CMarkup XML Parser Performance
Release 11.3 has made a leap in performance (e.g. from 39mb/s to 53mb/s* excluding file I/O), so its a good time to post some data on the speed of CMarkup, and to discuss XML parser performance issues. Here is a comparison of 11.3 with the previous release 11.2; raw parsing goes from 40000 to 54000 bytes per millisecond and attribute parsing (the basis for attribute methods) goes from 5000 to 9000 b/ms (see also Attribute Method Performance).

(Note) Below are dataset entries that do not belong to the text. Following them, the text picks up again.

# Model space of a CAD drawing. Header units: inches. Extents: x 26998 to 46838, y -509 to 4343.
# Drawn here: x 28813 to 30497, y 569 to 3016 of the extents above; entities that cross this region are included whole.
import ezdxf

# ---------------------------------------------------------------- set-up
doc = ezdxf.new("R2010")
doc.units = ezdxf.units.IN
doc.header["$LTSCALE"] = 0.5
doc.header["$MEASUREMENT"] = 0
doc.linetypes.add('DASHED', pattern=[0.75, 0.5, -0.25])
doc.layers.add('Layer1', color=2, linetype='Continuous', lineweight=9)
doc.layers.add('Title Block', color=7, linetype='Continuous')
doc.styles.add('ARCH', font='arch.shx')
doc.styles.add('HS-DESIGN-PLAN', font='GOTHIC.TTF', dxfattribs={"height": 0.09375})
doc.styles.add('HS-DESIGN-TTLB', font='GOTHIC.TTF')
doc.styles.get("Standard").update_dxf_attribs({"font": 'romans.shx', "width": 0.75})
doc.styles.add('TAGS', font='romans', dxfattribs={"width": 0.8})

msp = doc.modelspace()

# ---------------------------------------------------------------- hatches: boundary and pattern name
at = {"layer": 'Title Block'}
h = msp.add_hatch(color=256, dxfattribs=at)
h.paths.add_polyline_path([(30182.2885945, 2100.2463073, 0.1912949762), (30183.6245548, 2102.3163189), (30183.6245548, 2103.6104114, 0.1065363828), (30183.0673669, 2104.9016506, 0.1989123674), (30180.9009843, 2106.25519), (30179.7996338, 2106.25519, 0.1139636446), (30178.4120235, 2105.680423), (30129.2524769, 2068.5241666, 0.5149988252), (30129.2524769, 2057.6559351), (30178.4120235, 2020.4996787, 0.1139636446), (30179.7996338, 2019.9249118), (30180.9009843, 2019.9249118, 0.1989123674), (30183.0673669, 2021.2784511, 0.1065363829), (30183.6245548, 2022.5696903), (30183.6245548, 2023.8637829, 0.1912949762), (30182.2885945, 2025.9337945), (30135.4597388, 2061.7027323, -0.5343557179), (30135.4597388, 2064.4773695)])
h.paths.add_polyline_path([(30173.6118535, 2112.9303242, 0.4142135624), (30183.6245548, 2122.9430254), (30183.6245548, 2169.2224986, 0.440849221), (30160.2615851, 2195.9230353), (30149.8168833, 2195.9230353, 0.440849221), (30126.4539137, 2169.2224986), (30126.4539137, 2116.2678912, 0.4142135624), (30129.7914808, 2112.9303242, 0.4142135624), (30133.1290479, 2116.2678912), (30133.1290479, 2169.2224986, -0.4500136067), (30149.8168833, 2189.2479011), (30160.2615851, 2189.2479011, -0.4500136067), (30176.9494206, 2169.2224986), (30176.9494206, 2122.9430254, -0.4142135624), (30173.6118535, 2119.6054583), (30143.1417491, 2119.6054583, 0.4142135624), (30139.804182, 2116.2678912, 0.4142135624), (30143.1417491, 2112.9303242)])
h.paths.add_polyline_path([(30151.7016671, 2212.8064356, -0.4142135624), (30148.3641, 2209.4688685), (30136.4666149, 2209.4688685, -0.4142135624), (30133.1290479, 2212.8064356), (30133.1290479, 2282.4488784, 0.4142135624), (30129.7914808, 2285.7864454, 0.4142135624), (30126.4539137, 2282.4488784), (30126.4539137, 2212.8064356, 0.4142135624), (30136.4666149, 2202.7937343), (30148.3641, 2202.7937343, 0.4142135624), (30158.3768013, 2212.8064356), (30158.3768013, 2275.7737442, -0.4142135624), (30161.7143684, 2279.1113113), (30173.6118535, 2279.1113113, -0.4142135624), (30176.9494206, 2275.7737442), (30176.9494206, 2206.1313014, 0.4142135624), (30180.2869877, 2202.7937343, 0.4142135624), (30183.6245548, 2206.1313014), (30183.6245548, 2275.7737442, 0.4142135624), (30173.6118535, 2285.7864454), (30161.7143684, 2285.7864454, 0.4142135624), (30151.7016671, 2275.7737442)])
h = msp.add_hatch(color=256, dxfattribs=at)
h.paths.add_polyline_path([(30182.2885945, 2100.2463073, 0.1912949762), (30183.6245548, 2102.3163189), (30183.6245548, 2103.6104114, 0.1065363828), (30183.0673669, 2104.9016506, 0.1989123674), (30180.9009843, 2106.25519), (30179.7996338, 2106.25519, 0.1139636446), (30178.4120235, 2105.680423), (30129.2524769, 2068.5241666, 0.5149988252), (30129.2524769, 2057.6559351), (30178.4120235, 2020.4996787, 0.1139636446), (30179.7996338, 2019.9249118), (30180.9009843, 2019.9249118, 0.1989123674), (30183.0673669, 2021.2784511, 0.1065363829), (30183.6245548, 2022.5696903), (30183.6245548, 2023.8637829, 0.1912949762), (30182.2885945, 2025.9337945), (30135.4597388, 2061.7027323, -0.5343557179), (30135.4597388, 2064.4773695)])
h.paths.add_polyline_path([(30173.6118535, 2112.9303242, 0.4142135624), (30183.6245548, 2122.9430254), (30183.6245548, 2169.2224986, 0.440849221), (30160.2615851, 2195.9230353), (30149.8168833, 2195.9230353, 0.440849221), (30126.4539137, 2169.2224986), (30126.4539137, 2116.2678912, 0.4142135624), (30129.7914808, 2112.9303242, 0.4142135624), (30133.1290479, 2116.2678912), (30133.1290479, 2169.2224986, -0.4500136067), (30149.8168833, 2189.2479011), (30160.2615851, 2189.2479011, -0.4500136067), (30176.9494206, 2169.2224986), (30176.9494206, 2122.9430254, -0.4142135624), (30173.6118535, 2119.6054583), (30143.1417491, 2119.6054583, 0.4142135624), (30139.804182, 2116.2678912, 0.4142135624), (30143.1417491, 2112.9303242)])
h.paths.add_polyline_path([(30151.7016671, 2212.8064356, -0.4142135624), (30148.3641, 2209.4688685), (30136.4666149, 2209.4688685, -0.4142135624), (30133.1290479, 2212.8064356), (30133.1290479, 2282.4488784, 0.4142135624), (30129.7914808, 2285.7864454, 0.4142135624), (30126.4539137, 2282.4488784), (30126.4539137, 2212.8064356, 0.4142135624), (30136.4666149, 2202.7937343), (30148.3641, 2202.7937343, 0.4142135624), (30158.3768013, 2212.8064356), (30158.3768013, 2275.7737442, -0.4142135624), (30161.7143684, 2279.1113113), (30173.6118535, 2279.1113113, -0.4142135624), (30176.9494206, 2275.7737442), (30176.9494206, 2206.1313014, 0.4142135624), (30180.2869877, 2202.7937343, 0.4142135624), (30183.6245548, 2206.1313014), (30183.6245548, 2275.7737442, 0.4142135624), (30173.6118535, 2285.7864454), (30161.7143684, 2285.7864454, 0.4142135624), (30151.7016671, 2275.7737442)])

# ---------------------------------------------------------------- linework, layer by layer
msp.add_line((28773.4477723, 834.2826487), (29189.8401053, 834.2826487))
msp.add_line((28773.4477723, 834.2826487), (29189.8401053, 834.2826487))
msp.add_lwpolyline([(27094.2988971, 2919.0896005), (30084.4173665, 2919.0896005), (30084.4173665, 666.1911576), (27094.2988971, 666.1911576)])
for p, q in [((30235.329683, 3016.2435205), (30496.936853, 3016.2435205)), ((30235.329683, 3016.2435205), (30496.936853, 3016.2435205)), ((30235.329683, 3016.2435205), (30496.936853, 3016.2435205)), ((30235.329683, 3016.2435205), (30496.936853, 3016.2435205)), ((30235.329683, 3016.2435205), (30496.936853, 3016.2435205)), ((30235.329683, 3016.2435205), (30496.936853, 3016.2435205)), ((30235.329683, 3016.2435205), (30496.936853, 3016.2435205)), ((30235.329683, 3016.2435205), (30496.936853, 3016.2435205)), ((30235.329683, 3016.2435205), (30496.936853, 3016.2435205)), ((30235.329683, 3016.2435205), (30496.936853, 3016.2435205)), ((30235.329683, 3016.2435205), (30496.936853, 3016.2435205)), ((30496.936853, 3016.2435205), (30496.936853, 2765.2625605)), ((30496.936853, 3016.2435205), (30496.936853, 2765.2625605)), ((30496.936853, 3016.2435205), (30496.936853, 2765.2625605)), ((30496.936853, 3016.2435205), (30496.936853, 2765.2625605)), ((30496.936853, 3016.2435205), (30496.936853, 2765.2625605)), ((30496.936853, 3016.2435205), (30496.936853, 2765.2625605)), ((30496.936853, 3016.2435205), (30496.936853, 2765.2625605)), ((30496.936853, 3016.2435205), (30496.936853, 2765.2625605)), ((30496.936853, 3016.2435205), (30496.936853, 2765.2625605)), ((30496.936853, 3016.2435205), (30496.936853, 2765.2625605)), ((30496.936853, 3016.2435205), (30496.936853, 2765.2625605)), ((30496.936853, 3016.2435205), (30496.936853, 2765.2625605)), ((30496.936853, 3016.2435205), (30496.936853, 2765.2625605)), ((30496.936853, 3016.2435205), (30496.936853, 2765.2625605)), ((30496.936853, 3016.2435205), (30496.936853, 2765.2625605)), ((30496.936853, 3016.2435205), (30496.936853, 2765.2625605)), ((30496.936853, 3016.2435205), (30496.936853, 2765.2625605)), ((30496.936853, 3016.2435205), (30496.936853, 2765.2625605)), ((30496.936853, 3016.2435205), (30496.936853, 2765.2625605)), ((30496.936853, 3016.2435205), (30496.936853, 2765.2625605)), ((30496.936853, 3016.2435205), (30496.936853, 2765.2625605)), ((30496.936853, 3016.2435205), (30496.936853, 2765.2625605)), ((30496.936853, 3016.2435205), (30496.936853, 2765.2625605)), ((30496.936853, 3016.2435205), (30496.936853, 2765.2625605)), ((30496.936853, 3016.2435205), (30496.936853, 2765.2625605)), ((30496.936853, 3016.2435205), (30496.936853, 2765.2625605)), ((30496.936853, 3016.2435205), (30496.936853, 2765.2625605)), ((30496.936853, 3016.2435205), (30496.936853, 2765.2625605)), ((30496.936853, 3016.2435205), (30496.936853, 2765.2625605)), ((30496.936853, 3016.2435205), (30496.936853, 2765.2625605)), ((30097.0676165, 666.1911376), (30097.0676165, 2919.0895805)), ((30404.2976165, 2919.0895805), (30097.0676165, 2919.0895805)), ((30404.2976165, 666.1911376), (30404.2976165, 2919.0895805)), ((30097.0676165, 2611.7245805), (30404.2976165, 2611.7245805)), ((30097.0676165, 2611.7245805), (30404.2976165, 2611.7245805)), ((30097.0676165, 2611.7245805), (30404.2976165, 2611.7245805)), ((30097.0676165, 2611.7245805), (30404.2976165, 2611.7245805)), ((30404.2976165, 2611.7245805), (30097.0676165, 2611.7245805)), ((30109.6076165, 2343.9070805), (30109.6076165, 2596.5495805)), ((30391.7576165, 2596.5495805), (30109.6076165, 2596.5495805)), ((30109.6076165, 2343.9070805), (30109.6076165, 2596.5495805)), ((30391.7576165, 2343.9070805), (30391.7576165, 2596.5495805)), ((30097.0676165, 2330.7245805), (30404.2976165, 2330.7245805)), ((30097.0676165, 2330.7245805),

|Release||Chart||parse doc/attrib||create doc/attrib||Units|
Since these measurements do not involve disk I/O, the speeds are measured in character units per millisecond where the character unit is b for byte, w for word (2 bytes), and dw for double word (4 bytes), depending on the build and platform. In the first chart I include 2 parse tests and then 2 corresponding create tests.
|parse document||this is the core indicator of parsing speed; the document string is passed to SetDoc in memory and parsed, it is not loading the document from disk|
|parse attributes||loops through the document reading all attributes with GetAttribName and GetAttrib (the new GetNthAttrib method is more efficient way to do this)|
|create document||builds a document using an AddElem and SetAttrib for each element, the document is not saved to disk, there is no disk I/O in this measurement|
|create attributes||creates a document with up to 4 randomly selected attributes and values per element, the SetAttrib call occassionally overwrites an attribute|
The reason for release 11.3 performance improvement
One of the most intensively used operations in the parser is determining whether a character is one of a set of characters. In 11.3 I replaced
strchr) with a lookup define which is an order of magnitude faster and yields a roughly 30% speed improvement in overall raw parser speed. The new lookup define only checks the bounds and then returns the offset in the array, where
c is the character,
l are the bounds (first and last) and
s is the lookup array (a string):
#define x_ISONEOF(c,f,l,s) ((c>=f&&c<=l)?(int)(s[c-f]):0)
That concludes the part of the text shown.